TASK TO COMPLETE | Whenever a line below includes the string "from", show it.

▼

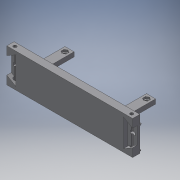
# Autodesk Inventor part: Case_bottom_back
Saved by Autodesk Inventor 2016 SP2 (Build 200236200, 236)
## iProperties
Created: 2018-06-26
Part Number: Case_bottom_back
Material: Generisch
Document SubType Name: Modeling
Designer: Nils
Density: 1 g/cm^3
Appearance: Vorgabe
Author: Nils
Autodesk Inventor part; units mm, degrees
ref_plane "YZ Plane" through (0, 0, 0) normal (1, 0, 0) x (0, 1, 0)
ref_plane "XZ Plane" through (0, 0, 0) normal (0, 1, 0) x (-1, 0, 0)
ref_plane "XY Plane" through (0, 0, 0) normal (0, 0, 1) x (1, 0, 0)
sketch "Skizze1" plane through (0, 0, 0) normal (1, 0, 0) x (0, 1, 0)
  line L0 (-139.6154, -159.9758) -> (-139.6154, -150.6758) projected
  line L1 (-147.6154, -150.6758) -> (-147.6154, -160.0993) projected
  line L2 (-147.6154, -150.6758) -> (-139.6154, -150.6758) projected
  line L3 (-139.6154, -159.9758) -> (-138.1154, -159.9758) projected
  line L4 (-138.1154, -159.9758) -> (-138.1154, -160.4758) projected
  line L5 (-138.1154, -160.4758) -> (-139.6154, -161.9758) projected
  line L6 (-139.6154, -161.9758) -> (-139.6154, -176.9758) projected
  line L7 (-147.6154, -178.5523) -> (-147.6154, -187.9758) projected
  line L8 (-139.6154, -187.9758) -> (-147.6154, -187.9758) projected
  line L9 (-147.6154, -160.0993) -> (-147.6154, -178.5523)
  line L10 (-139.6154, -187.9758) -> (-139.6154, -185.9758)
  line L11 (-139.6154, -185.9758) -> (-138.6154, -185.9758)
  line L12 (-138.6154, -185.9758) -> (-138.6154, -184.9758)
  line L13 (-138.6154, -184.9758) -> (-139.6154, -184.9758)
  line L14 (-139.6154, -184.9758) -> (-139.6154, -176.9758)
  point P0 (0, 0)
  dimension "d19" = 2
  dimension "d20" = 1
  dimension "d21" = 1
  constraints: 12 end point, 3 perpendicular, 2 vertical, 1 collinear, 1 point on line
  measures "d19" distance of L8.start L10.end
  measures "d20" distance of L10.end L11.end
  measures "d21" distance of L11.end L12.end
extrude "Extrusion1" add sketch "Skizze1" along normal blind 69.4
sketch "Skizze2" plane through (0, -147.6154, -187.9758) normal (0, -1, 0) x (1, 0, 0)
  line L0 (0, 27.8765) -> (10, 33.65)
  line L1 (10, 33.65) -> (10, 3.65)
  line L2 (10, 3.65) -> (0, 9.4235)
  line L3 (0, 0) -> (0, 26) projected
  line L4 (0, 27.8765) -> (0, 9.4235)
  line L5 (-0.1, 9.3658) -> (10.1, 3.4768)
  line L6 (10.1, 3.4768) -> (10.1, 33.8232)
  line L7 (10.1, 33.8232) -> (-0.1, 27.9342)
  line L8 (-0.1, 27.9342) -> (-0.1, 9.3658)
  line L9 (10, 33.65) -> (0, 27.8765) projected
  line L10 (10, 33.65) -> (0, 27.8765) projected
  line L11 (10, 3.65) -> (6.4361, 5.7076) projected
  line L12 (0, 9.4235) -> (10, 3.65) projected
  point P0 (0, 187.9758)
  point P1 (-212.8594, 35.25)
  point P2 (-212.8594, 5.25)
  point P3 (-222.8594, 29.4765)
  point P4 (-222.8594, 11.0235)
  dimension "d7" = 0.1
  constraints: 16 end point, 3 collinear, 1 equal length, 1 point on line, 1 vertical, 8 other
  measures "d7" distance between parallel lines of L6 L1
extrude "Extrusion2" cut sketch "Skizze2" against normal blind 5 contours L0 L1 L2 L3 L4 | L8 L7 L6 L5
sketch "Skizze3" plane through (0, -147.6154, -150.6758) normal (0, 0, 1) x (1, 0, 0)
  circle A0 centre (5, 4) radius 1.75 projected
  point P0 (0, 147.6154)
extrude "Extrusion3" cut sketch "Skizze3" against normal blind 35
sketch "Skizze5" plane through (0, -139.6154, -161.9758) normal (0, 1, 0) x (1, 0, 0)
  line L0 (0, 16.692) -> (0, -1.992) projected
  line L1 (7.85, 5.95) -> (2.15, 5.95) projected
  line L2 (2.15, 8.75) -> (7.85, 8.75) projected
  line L3 (2.15, 5.95) -> (2.15, 8.75) projected
  line L4 (7.85, 8.75) -> (7.85, 5.95) projected
  point P0 (0, -161.9758)
  point P1 (-43.8096, 7.15)
  point P2 (0, -11.3)
  constraints: 1 other
extrude "Extrusion4" cut sketch "Skizze5" against normal blind 19.25
sketch "Skizze6" plane through (0, -139.6154, -161.9758) normal (0, 1, 0) x (1, 0, 0)
  line L0 (19.4, 2) -> (29.4, 2)
  line L1 (29.4, 2) -> (29.4, 7)
  line L2 (29.4, 7) -> (19.4, 7)
  line L3 (19.4, 7) -> (19.4, 2)
  line L4 (0, 23) -> (0, 0) projected
  line L5 (0, 0) -> (69.4, 0) projected
  point P0 (0, -161.9758)
  dimension "d22" = 10
  dimension "d23" = 5
  dimension "d24" = 19.4
  dimension "d25" = 2
  constraints: 8 end point, 2 parallel, 1 horizontal, 1 perpendicular
  measures "d22" distance of L2.end L1.end
  measures "d23" distance of L1.end L0.end
  measures "d24" distance between parallel lines of L3 L4
  measures "d25" distance between parallel lines of L5 L0
extrude "Extrusion5" add sketch "Skizze6" along normal blind 36.75
sketch "Skizze7" plane through (19.4, -139.6154, -163.9758) normal (0, 0, 1) x (1, 0, 0)
  circle A0 centre (5, 31.75) radius 1.75
  line L0 (0, 0) -> (0, 36.75) projected
  line L1 (0, 36.75) -> (10, 36.75) projected
  point P0 (-19.4, 139.6154)
  dimension "d28" = 3.5
  dimension "d29" = 5
  dimension "d30" = 5
  constraints: 1 centre point
  measures "d28" diameter of A0
  measures "d29" distance from line of L0 A0.centre
  measures "d30" distance from line of A0.centre L1
extrude "Extrusion6" cut sketch "Skizze7" against normal blind 36.75
mirror "Spiegeln1" about plane through (69.4, -143.3836, -169.4656) normal (1, 0, 0) of "Extrusion6", "Extrusion5", "Extrusion4", "Extrusion3", "Extrusion2", "Extrusion1"
sketch "Skizze8" plane through (19.4, -139.6154, -163.9758) normal (0, 0, 1) x (1, 0, 0)
  circle A0 centre (5, 31.75) radius 1.75 construction
  circle A1 centre (95, 31.75) radius 1.75 construction
  line L0 (7.85, 30.1046) -> (5, 28.4591)
  line L1 (5, 28.4591) -> (2.15, 30.1046)
  line L2 (2.15, 30.1046) -> (2.15, 33.3954)
  line L3 (2.15, 33.3954) -> (5, 35.0409)
  line L4 (5, 35.0409) -> (7.85, 33.3954)
  line L5 (7.85, 33.3954) -> (7.85, 30.1046)
  circle A2 centre (95, 31.75) radius 1.75 projected
  line L6 (92.15, 30.1046) -> (92.15, 33.3954)
  line L7 (92.15, 33.3954) -> (95, 35.0409)
  line L8 (95, 35.0409) -> (97.85, 33.3954)
  line L9 (97.85, 33.3954) -> (97.85, 30.1046)
  line L10 (97.85, 30.1046) -> (95, 28.4591)
  line L11 (95, 28.4591) -> (92.15, 30.1046)
  point P0 (-19.4, 139.6154)
  dimension "d33" = 5.7
  dimension "d34" = 5.7
  constraints: 24 end point, 2 coincident, 2 vertical, 26 other
  measures "d33" distance between parallel lines of L5 L2
  measures "d34" distance between parallel lines of L9 L6
extrude "Extrusion7" cut sketch "Skizze8" against normal blind 2.2
equation "\"d34\" = d33"
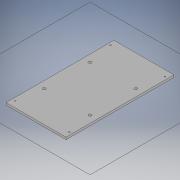
# Autodesk Inventor part: 000.001.006 - Площадка под манипулятор
Saved by Autodesk Inventor 2022 (Build 260153000, 153)
## iProperties
Created: 2022-02-27
Part Number: 000.001.006 - Площадка под манипулятор
Material: Типовые
Document SubType Name: Modeling
Designer: Petrov Ivan
Density: 1 g/cm^3
Appearance: По умолчанию
Author: Petrov Ivan
Autodesk Inventor part; units mm, degrees
ref_plane "YZ Plane" through (0, 0, 0) normal (1, 0, 0) x (0, 1, 0)
ref_plane "XZ Plane" through (0, 0, 0) normal (0, 1, 0) x (-1, 0, 0)
ref_plane "XY Plane" through (0, 0, 0) normal (0, 0, 1) x (1, 0, 0)
sketch "Эскиз1" plane through (0, 0, 0) normal (0, 1, 0) x (-1, 0, 0)
  line L0 (-80, 144) -> (80, 144)
  line L1 (80, 144) -> (80, -144)
  line L2 (80, -144) -> (-80, -144)
  line L3 (-80, -144) -> (-80, 144)
  line L4 (-80, 144) -> (80, -144) construction
  line L5 (80, 144) -> (-80, -144) construction
  point P0 (0, 0)
  dimension "d0" = 160
  dimension "d1" = 288
  constraints: 12 end point, 2 midpoint, 2 parallel, 1 horizontal, 1 perpendicular
  measures "d0" distance of L1.end L2.end
  measures "d1" distance of L0.end L1.end
extrude "Выдавливание1" add sketch "Эскиз1" along normal blind 6
sketch "Эскиз2" plane through (0, 0, 0) normal (0, -1, 0) x (1, 0, 0)
  circle A0 centre (-72.875, -128) radius 2 projected
  circle A1 centre (72, -128) radius 1.85 projected
  circle A2 centre (72.875, 128) radius 2 projected
  circle A3 centre (-72, 128) radius 1.85 projected
  point P0 (0, 0)
extrude "Выдавливание2" cut sketch "Эскиз2" against normal through all
sketch "Эскиз3" plane through (0, 0, 0) normal (0, -1, 0) x (1, 0, 0)
  circle A0 centre (-61.2572, -61.2572) radius 4 projected
  circle A1 centre (-61.2572, 61.2572) radius 4 projected
  circle A2 centre (61.2572, 61.2572) radius 4 projected
  circle A3 centre (61.2572, -61.2572) radius 4 projected
  point P0 (0, 0)
extrude "Выдавливание3" cut sketch "Эскиз3" against normal through all

▲

COMPLETED EXERCISE |
  measures "d29" distance from line of L0 A0.centre
  measures "d30" distance from line of A0.centre L1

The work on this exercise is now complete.